**DATA SHOWN:**
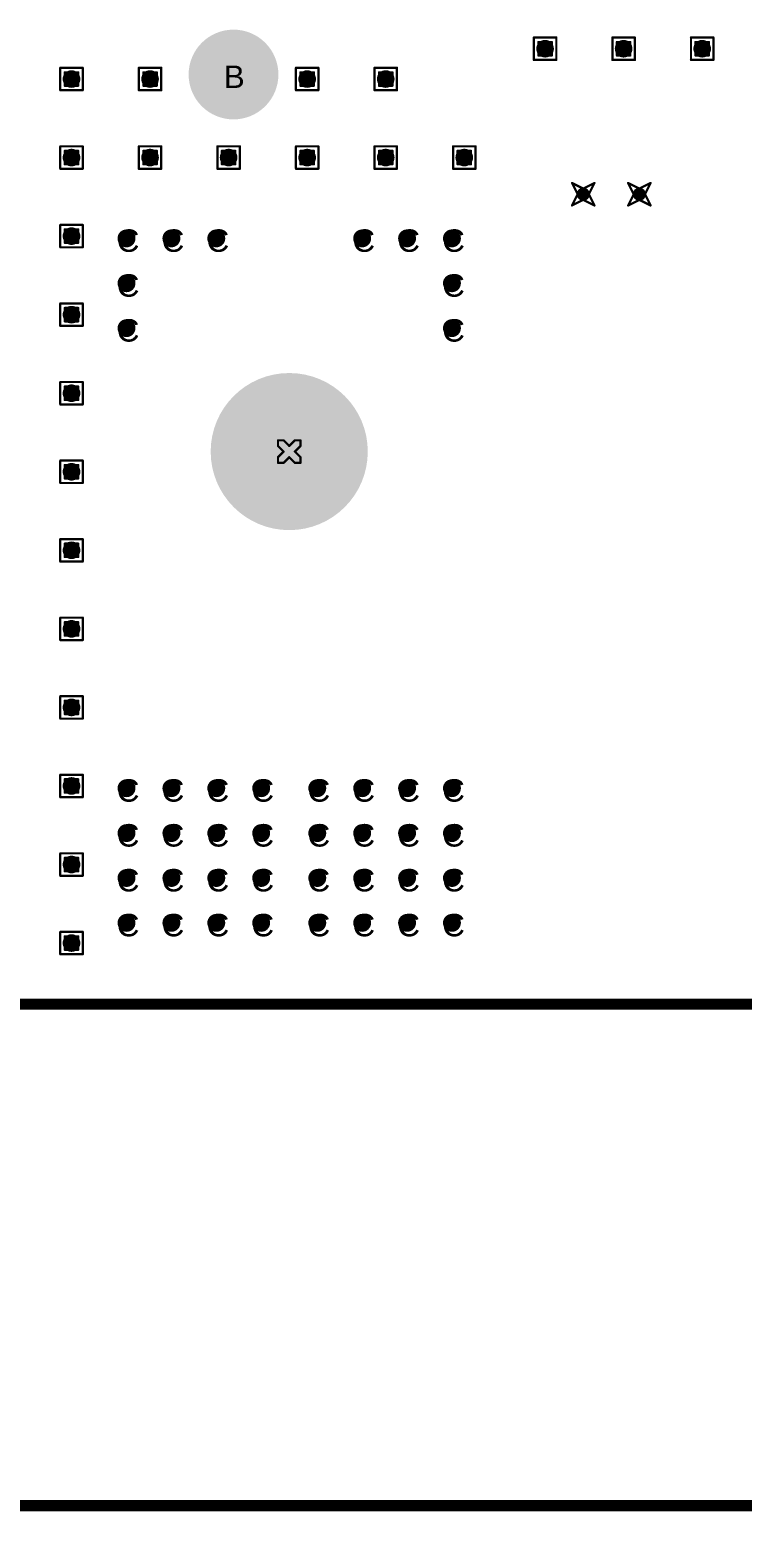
# Model space of a CAD drawing. Header units: millimetres. Extents: x -25 to 478, y -31 to 252.
# Drawn here: x 336.53 to 352.67, y -11.48 to 22.06 of the extents above; entities that cross this region are included whole.
import ezdxf

# ---------------------------------------------------------------- set-up
doc = ezdxf.new("R2010")
doc.units = ezdxf.units.MM
for name, color, linetype in [('DrillDrawing', 1, 'Continuous'), ('Mechanical1', 6, 'Continuous'), ('Mechanical2', 216, 'Continuous'), ('MultiLayer', 9, 'Continuous'), ('PadHoleLayer', 156, 'Continuous'), ('ViaHoleLayer', 16, 'Continuous')]:
    doc.layers.add(name, color=color, linetype=linetype)
doc.styles.add('Arial', font='', dxfattribs={"height": 0.2})
doc.styles.get('Arial').set_extended_font_data('Arial')

# ---------------------------------------------------------------- blocks, each defined once
blk = doc.blocks.new('KEYSTONE5000_946')
at = {"layer": 'MultiLayer'}
h = blk.add_hatch(color=9, dxfattribs=at)
edge = h.paths.add_edge_path()
edge.add_arc((0, 0), 1.016, 0, 360)
at = {"layer": 'PadHoleLayer'}
h = blk.add_hatch(color=156, dxfattribs=at)
edge = h.paths.add_edge_path()
edge.add_arc((0, 0), 0.508, 0, 360)
blk = doc.blocks.new('FP_CB25_18_CY_CONN_TERM_LUG_25MM4_7MM9_MFG_1502')
at = {"layer": 'ViaHoleLayer'}
h = blk.add_hatch(color=16, dxfattribs=at)
edge = h.paths.add_edge_path()
edge.add_arc((-3.048, 3.683), 0.203, 0, 360)
h = blk.add_hatch(color=16, dxfattribs=at)
edge = h.paths.add_edge_path()
edge.add_arc((-2.032, 3.683), 0.203, 0, 360)
h = blk.add_hatch(color=16, dxfattribs=at)
edge = h.paths.add_edge_path()
edge.add_arc((-1.016, 3.683), 0.203, 0, 360)
h = blk.add_hatch(color=16, dxfattribs=at)
edge = h.paths.add_edge_path()
edge.add_arc((0, 3.683), 0.203, 0, 360)
h = blk.add_hatch(color=16, dxfattribs=at)
edge = h.paths.add_edge_path()
edge.add_arc((10.414, 3.683), 0.203, 0, 360)
h = blk.add_hatch(color=16, dxfattribs=at)
edge = h.paths.add_edge_path()
edge.add_arc((11.43, 3.683), 0.203, 0, 360)
h = blk.add_hatch(color=16, dxfattribs=at)
edge = h.paths.add_edge_path()
edge.add_arc((12.446, 3.683), 0.203, 0, 360)
h = blk.add_hatch(color=16, dxfattribs=at)
edge = h.paths.add_edge_path()
edge.add_arc((-3.048, 2.667), 0.203, 0, 360)
h = blk.add_hatch(color=16, dxfattribs=at)
edge = h.paths.add_edge_path()
edge.add_arc((-2.032, 2.667), 0.203, 0, 360)
h = blk.add_hatch(color=16, dxfattribs=at)
edge = h.paths.add_edge_path()
edge.add_arc((-1.016, 2.667), 0.203, 0, 360)
h = blk.add_hatch(color=16, dxfattribs=at)
edge = h.paths.add_edge_path()
edge.add_arc((0, 2.667), 0.203, 0, 360)
h = blk.add_hatch(color=16, dxfattribs=at)
edge = h.paths.add_edge_path()
edge.add_arc((12.446, 2.667), 0.203, 0, 360)
h = blk.add_hatch(color=16, dxfattribs=at)
edge = h.paths.add_edge_path()
edge.add_arc((-3.048, 1.651), 0.203, 0, 360)
h = blk.add_hatch(color=16, dxfattribs=at)
edge = h.paths.add_edge_path()
edge.add_arc((-2.032, 1.651), 0.203, 0, 360)
h = blk.add_hatch(color=16, dxfattribs=at)
edge = h.paths.add_edge_path()
edge.add_arc((-1.016, 1.651), 0.203, 0, 360)
h = blk.add_hatch(color=16, dxfattribs=at)
edge = h.paths.add_edge_path()
edge.add_arc((0, 1.651), 0.203, 0, 360)
h = blk.add_hatch(color=16, dxfattribs=at)
edge = h.paths.add_edge_path()
edge.add_arc((7.62, 0), 1.778, 0, 360)
h = blk.add_hatch(color=16, dxfattribs=at)
edge = h.paths.add_edge_path()
edge.add_arc((12.446, 1.651), 0.203, 0, 360)
h = blk.add_hatch(color=16, dxfattribs=at)
edge = h.paths.add_edge_path()
edge.add_arc((-3.048, 0.635), 0.203, 0, 360)
h = blk.add_hatch(color=16, dxfattribs=at)
edge = h.paths.add_edge_path()
edge.add_arc((-2.032, 0.635), 0.203, 0, 360)
h = blk.add_hatch(color=16, dxfattribs=at)
edge = h.paths.add_edge_path()
edge.add_arc((-1.016, 0.635), 0.203, 0, 360)
h = blk.add_hatch(color=16, dxfattribs=at)
edge = h.paths.add_edge_path()
edge.add_arc((0, 0.635), 0.203, 0, 360)
h = blk.add_hatch(color=16, dxfattribs=at)
edge = h.paths.add_edge_path()
edge.add_arc((-3.048, -0.635), 0.203, 0, 360)
h = blk.add_hatch(color=16, dxfattribs=at)
edge = h.paths.add_edge_path()
edge.add_arc((-2.032, -0.635), 0.203, 0, 360)
h = blk.add_hatch(color=16, dxfattribs=at)
edge = h.paths.add_edge_path()
edge.add_arc((-1.016, -0.635), 0.203, 0, 360)
h = blk.add_hatch(color=16, dxfattribs=at)
edge = h.paths.add_edge_path()
edge.add_arc((0, -0.635), 0.203, 0, 360)
h = blk.add_hatch(color=16, dxfattribs=at)
edge = h.paths.add_edge_path()
edge.add_arc((-3.048, -1.651), 0.203, 0, 360)
h = blk.add_hatch(color=16, dxfattribs=at)
edge = h.paths.add_edge_path()
edge.add_arc((-2.032, -1.651), 0.203, 0, 360)
h = blk.add_hatch(color=16, dxfattribs=at)
edge = h.paths.add_edge_path()
edge.add_arc((-1.016, -1.651), 0.203, 0, 360)
h = blk.add_hatch(color=16, dxfattribs=at)
edge = h.paths.add_edge_path()
edge.add_arc((0, -1.651), 0.203, 0, 360)
h = blk.add_hatch(color=16, dxfattribs=at)
edge = h.paths.add_edge_path()
edge.add_arc((12.446, -1.651), 0.203, 0, 360)
h = blk.add_hatch(color=16, dxfattribs=at)
edge = h.paths.add_edge_path()
edge.add_arc((-3.048, -2.667), 0.203, 0, 360)
h = blk.add_hatch(color=16, dxfattribs=at)
edge = h.paths.add_edge_path()
edge.add_arc((-2.032, -2.667), 0.203, 0, 360)
h = blk.add_hatch(color=16, dxfattribs=at)
edge = h.paths.add_edge_path()
edge.add_arc((-1.016, -2.667), 0.203, 0, 360)
h = blk.add_hatch(color=16, dxfattribs=at)
edge = h.paths.add_edge_path()
edge.add_arc((0, -2.667), 0.203, 0, 360)
h = blk.add_hatch(color=16, dxfattribs=at)
edge = h.paths.add_edge_path()
edge.add_arc((12.446, -2.667), 0.203, 0, 360)
h = blk.add_hatch(color=16, dxfattribs=at)
edge = h.paths.add_edge_path()
edge.add_arc((-3.048, -3.683), 0.203, 0, 360)
h = blk.add_hatch(color=16, dxfattribs=at)
edge = h.paths.add_edge_path()
edge.add_arc((-2.032, -3.683), 0.203, 0, 360)
h = blk.add_hatch(color=16, dxfattribs=at)
edge = h.paths.add_edge_path()
edge.add_arc((-1.016, -3.683), 0.203, 0, 360)
h = blk.add_hatch(color=16, dxfattribs=at)
edge = h.paths.add_edge_path()
edge.add_arc((0, -3.683), 0.203, 0, 360)
h = blk.add_hatch(color=16, dxfattribs=at)
edge = h.paths.add_edge_path()
edge.add_arc((10.414, -3.683), 0.203, 0, 360)
h = blk.add_hatch(color=16, dxfattribs=at)
edge = h.paths.add_edge_path()
edge.add_arc((11.43, -3.683), 0.203, 0, 360)
h = blk.add_hatch(color=16, dxfattribs=at)
edge = h.paths.add_edge_path()
edge.add_arc((12.446, -3.683), 0.203, 0, 360)

msp = doc.modelspace()

# ---------------------------------------------------------------- hatches: boundary and pattern name
at = {"layer": 'ViaHoleLayer'}
h = msp.add_hatch(color=16, dxfattribs=at)
edge = h.paths.add_edge_path()
edge.add_arc((348.201, 21.627), 0.2, 0, 360)
h = msp.add_hatch(color=16, dxfattribs=at)
edge = h.paths.add_edge_path()
edge.add_arc((349.979, 21.627), 0.2, 0, 360)
h = msp.add_hatch(color=16, dxfattribs=at)
edge = h.paths.add_edge_path()
edge.add_arc((351.757, 21.627), 0.2, 0, 360)
h = msp.add_hatch(color=16, dxfattribs=at)
edge = h.paths.add_edge_path()
edge.add_arc((337.482, 20.941), 0.2, 0, 360)
h = msp.add_hatch(color=16, dxfattribs=at)
edge = h.paths.add_edge_path()
edge.add_arc((339.26, 20.941), 0.2, 0, 360)
h = msp.add_hatch(color=16, dxfattribs=at)
edge = h.paths.add_edge_path()
edge.add_arc((342.816, 20.941), 0.2, 0, 360)
h = msp.add_hatch(color=16, dxfattribs=at)
edge = h.paths.add_edge_path()
edge.add_arc((344.594, 20.941), 0.2, 0, 360)
h = msp.add_hatch(color=16, dxfattribs=at)
edge = h.paths.add_edge_path()
edge.add_arc((337.482, 19.163), 0.2, 0, 360)
h = msp.add_hatch(color=16, dxfattribs=at)
edge = h.paths.add_edge_path()
edge.add_arc((339.26, 19.163), 0.2, 0, 360)
h = msp.add_hatch(color=16, dxfattribs=at)
edge = h.paths.add_edge_path()
edge.add_arc((341.038, 19.163), 0.2, 0, 360)
h = msp.add_hatch(color=16, dxfattribs=at)
edge = h.paths.add_edge_path()
edge.add_arc((342.816, 19.163), 0.2, 0, 360)
h = msp.add_hatch(color=16, dxfattribs=at)
edge = h.paths.add_edge_path()
edge.add_arc((344.594, 19.163), 0.2, 0, 360)
h = msp.add_hatch(color=16, dxfattribs=at)
edge = h.paths.add_edge_path()
edge.add_arc((346.372, 19.163), 0.2, 0, 360)
h = msp.add_hatch(color=16, dxfattribs=at)
edge = h.paths.add_edge_path()
edge.add_arc((349.065, 18.333), 0.15, 0, 360)
h = msp.add_hatch(color=16, dxfattribs=at)
edge = h.paths.add_edge_path()
edge.add_arc((350.335, 18.333), 0.15, 0, 360)
h = msp.add_hatch(color=16, dxfattribs=at)
edge = h.paths.add_edge_path()
edge.add_arc((337.482, 17.385), 0.2, 0, 360)
h = msp.add_hatch(color=16, dxfattribs=at)
edge = h.paths.add_edge_path()
edge.add_arc((337.482, 15.607), 0.2, 0, 360)
h = msp.add_hatch(color=16, dxfattribs=at)
edge = h.paths.add_edge_path()
edge.add_arc((337.482, 13.829), 0.2, 0, 360)
h = msp.add_hatch(color=16, dxfattribs=at)
edge = h.paths.add_edge_path()
edge.add_arc((337.482, 12.051), 0.2, 0, 360)
h = msp.add_hatch(color=16, dxfattribs=at)
edge = h.paths.add_edge_path()
edge.add_arc((337.482, 10.273), 0.2, 0, 360)
h = msp.add_hatch(color=16, dxfattribs=at)
edge = h.paths.add_edge_path()
edge.add_arc((337.482, 8.495), 0.2, 0, 360)
h = msp.add_hatch(color=16, dxfattribs=at)
edge = h.paths.add_edge_path()
edge.add_arc((337.482, 6.717), 0.2, 0, 360)
h = msp.add_hatch(color=16, dxfattribs=at)
edge = h.paths.add_edge_path()
edge.add_arc((337.482, 4.939), 0.2, 0, 360)
h = msp.add_hatch(color=16, dxfattribs=at)
edge = h.paths.add_edge_path()
edge.add_arc((337.482, 3.161), 0.2, 0, 360)
h = msp.add_hatch(color=16, dxfattribs=at)
edge = h.paths.add_edge_path()
edge.add_arc((337.482, 1.383), 0.2, 0, 360)

# ---------------------------------------------------------------- linework, layer by layer
at = {"layer": 'DrillDrawing', "const_width": 0.0508}
for points in [[(347.947, 21.881), (348.455, 21.881)], [(347.947, 21.373), (347.947, 21.881)], [(348.049, 21.779), (348.353, 21.779)], [(348.049, 21.474), (348.049, 21.779)], [(348.353, 21.474), (348.353, 21.779)], [(348.455, 21.373), (348.455, 21.881)], [(349.725, 21.881), (350.233, 21.881)], [(349.725, 21.373), (349.725, 21.881)], [(349.827, 21.779), (350.131, 21.779)], [(349.827, 21.474), (349.827, 21.779)], [(350.131, 21.474), (350.131, 21.779)], [(350.233, 21.373), (350.233, 21.881)], [(351.503, 21.881), (352.011, 21.881)], [(351.503, 21.373), (351.503, 21.881)], [(351.605, 21.779), (351.909, 21.779)], [(351.605, 21.474), (351.605, 21.779)], [(351.909, 21.474), (351.909, 21.779)], [(352.011, 21.373), (352.011, 21.881)], [(348.049, 21.474), (348.353, 21.474)], [(349.827, 21.474), (350.131, 21.474)], [(351.605, 21.474), (351.909, 21.474)], [(337.228, 21.195), (337.736, 21.195)], [(337.228, 20.687), (337.228, 21.195)], [(337.736, 20.687), (337.736, 21.195)], [(339.006, 21.195), (339.514, 21.195)], [(339.006, 20.687), (339.006, 21.195)], [(339.514, 20.687), (339.514, 21.195)], [(342.562, 21.195), (343.07, 21.195)], [(342.562, 20.687), (342.562, 21.195)], [(343.07, 20.687), (343.07, 21.195)], [(344.34, 21.195), (344.848, 21.195)], [(344.34, 20.687), (344.34, 21.195)], [(344.848, 20.687), (344.848, 21.195)], [(347.947, 21.373), (348.455, 21.373)], [(349.725, 21.373), (350.233, 21.373)], [(351.503, 21.373), (352.011, 21.373)], [(337.33, 21.093), (337.635, 21.093)], [(337.33, 20.789), (337.33, 21.093)], [(337.33, 20.789), (337.635, 20.789)], [(337.635, 20.789), (337.635, 21.093)], [(339.108, 21.093), (339.413, 21.093)], [(339.108, 20.789), (339.108, 21.093)], [(339.108, 20.789), (339.413, 20.789)], [(339.413, 20.789), (339.413, 21.093)], [(342.664, 21.093), (342.969, 21.093)], [(342.664, 20.789), (342.664, 21.093)], [(342.664, 20.789), (342.969, 20.789)], [(342.969, 20.789), (342.969, 21.093)], [(344.442, 21.093), (344.747, 21.093)], [(344.442, 20.789), (344.442, 21.093)], [(344.442, 20.789), (344.747, 20.789)], [(344.747, 20.789), (344.747, 21.093)], [(337.228, 20.687), (337.736, 20.687)], [(339.006, 20.687), (339.514, 20.687)], [(342.562, 20.687), (343.07, 20.687)], [(344.34, 20.687), (344.848, 20.687)], [(337.228, 19.417), (337.736, 19.417)], [(337.228, 18.909), (337.228, 19.417)], [(337.33, 19.315), (337.635, 19.315)], [(337.33, 19.011), (337.33, 19.315)], [(337.635, 19.011), (337.635, 19.315)], [(337.736, 18.909), (337.736, 19.417)], [(339.006, 19.417), (339.514, 19.417)], [(339.006, 18.909), (339.006, 19.417)], [(339.108, 19.315), (339.413, 19.315)], [(339.108, 19.011), (339.108, 19.315)], [(339.413, 19.011), (339.413, 19.315)], [(339.514, 18.909), (339.514, 19.417)], [(340.784, 19.417), (341.292, 19.417)], [(340.784, 18.909), (340.784, 19.417)], [(340.886, 19.315), (341.191, 19.315)], [(340.886, 19.011), (340.886, 19.315)], [(341.191, 19.011), (341.191, 19.315)], [(341.292, 18.909), (341.292, 19.417)], [(342.562, 19.417), (343.07, 19.417)], [(342.562, 18.909), (342.562, 19.417)], [(342.664, 19.315), (342.969, 19.315)], [(342.664, 19.011), (342.664, 19.315)], [(342.969, 19.011), (342.969, 19.315)], [(343.07, 18.909), (343.07, 19.417)], [(344.34, 19.417), (344.848, 19.417)], [(344.34, 18.909), (344.34, 19.417)], [(344.442, 19.315), (344.747, 19.315)], [(344.442, 19.011), (344.442, 19.315)], [(344.747, 19.011), (344.747, 19.315)], [(344.848, 18.909), (344.848, 19.417)], [(346.118, 19.417), (346.626, 19.417)], [(346.118, 18.909), (346.118, 19.417)], [(346.22, 19.315), (346.525, 19.315)], [(346.22, 19.011), (346.22, 19.315)], [(346.525, 19.011), (346.525, 19.315)], [(346.626, 18.909), (346.626, 19.417)], [(337.228, 18.909), (337.736, 18.909)], [(337.33, 19.011), (337.635, 19.011)], [(339.006, 18.909), (339.514, 18.909)], [(339.108, 19.011), (339.413, 19.011)], [(340.784, 18.909), (341.292, 18.909)], [(340.886, 19.011), (341.191, 19.011)], [(342.562, 18.909), (343.07, 18.909)], [(342.664, 19.011), (342.969, 19.011)], [(344.34, 18.909), (344.848, 18.909)], [(344.442, 19.011), (344.747, 19.011)], [(346.118, 18.909), (346.626, 18.909)], [(346.22, 19.011), (346.525, 19.011)], [(348.811, 18.587), (349.065, 18.46)], [(348.811, 18.587), (348.938, 18.333)], [(349.065, 18.46), (349.319, 18.587)], [(349.192, 18.333), (349.319, 18.587)], [(350.081, 18.587), (350.335, 18.46)], [(350.081, 18.587), (350.208, 18.333)], [(350.335, 18.46), (350.589, 18.587)], [(350.462, 18.333), (350.589, 18.587)], [(348.811, 18.079), (348.938, 18.333)], [(348.811, 18.079), (349.065, 18.206)], [(349.065, 18.206), (349.319, 18.079)], [(349.192, 18.333), (349.319, 18.079)], [(350.081, 18.079), (350.208, 18.333)], [(350.081, 18.079), (350.335, 18.206)], [(350.335, 18.206), (350.589, 18.079)], [(350.462, 18.333), (350.589, 18.079)], [(337.228, 17.639), (337.736, 17.639)], [(337.228, 17.131), (337.228, 17.639)], [(337.33, 17.537), (337.635, 17.537)], [(337.33, 17.233), (337.33, 17.537)], [(337.635, 17.233), (337.635, 17.537)], [(337.736, 17.131), (337.736, 17.639)], [(337.228, 17.131), (337.736, 17.131)], [(337.33, 17.233), (337.635, 17.233)], [(337.228, 15.861), (337.736, 15.861)], [(337.228, 15.353), (337.228, 15.861)], [(337.33, 15.759), (337.635, 15.759)], [(337.33, 15.455), (337.33, 15.759)], [(337.635, 15.455), (337.635, 15.759)], [(337.736, 15.353), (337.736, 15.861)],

**EXERCISE BRIEF:**
Starting at the first line of the material, output exactly the lines up to and including the one with "doc.units = ezdxf.units.MM". Do not include the pictures.

**RESPONSE:**
# Model space of a CAD drawing. Header units: millimetres. Extents: x -25 to 478, y -31 to 252.
# Drawn here: x 336.53 to 352.67, y -11.48 to 22.06 of the extents above; entities that cross this region are included whole.
import ezdxf

# ---------------------------------------------------------------- set-up
doc = ezdxf.new("R2010")
doc.units = ezdxf.units.MM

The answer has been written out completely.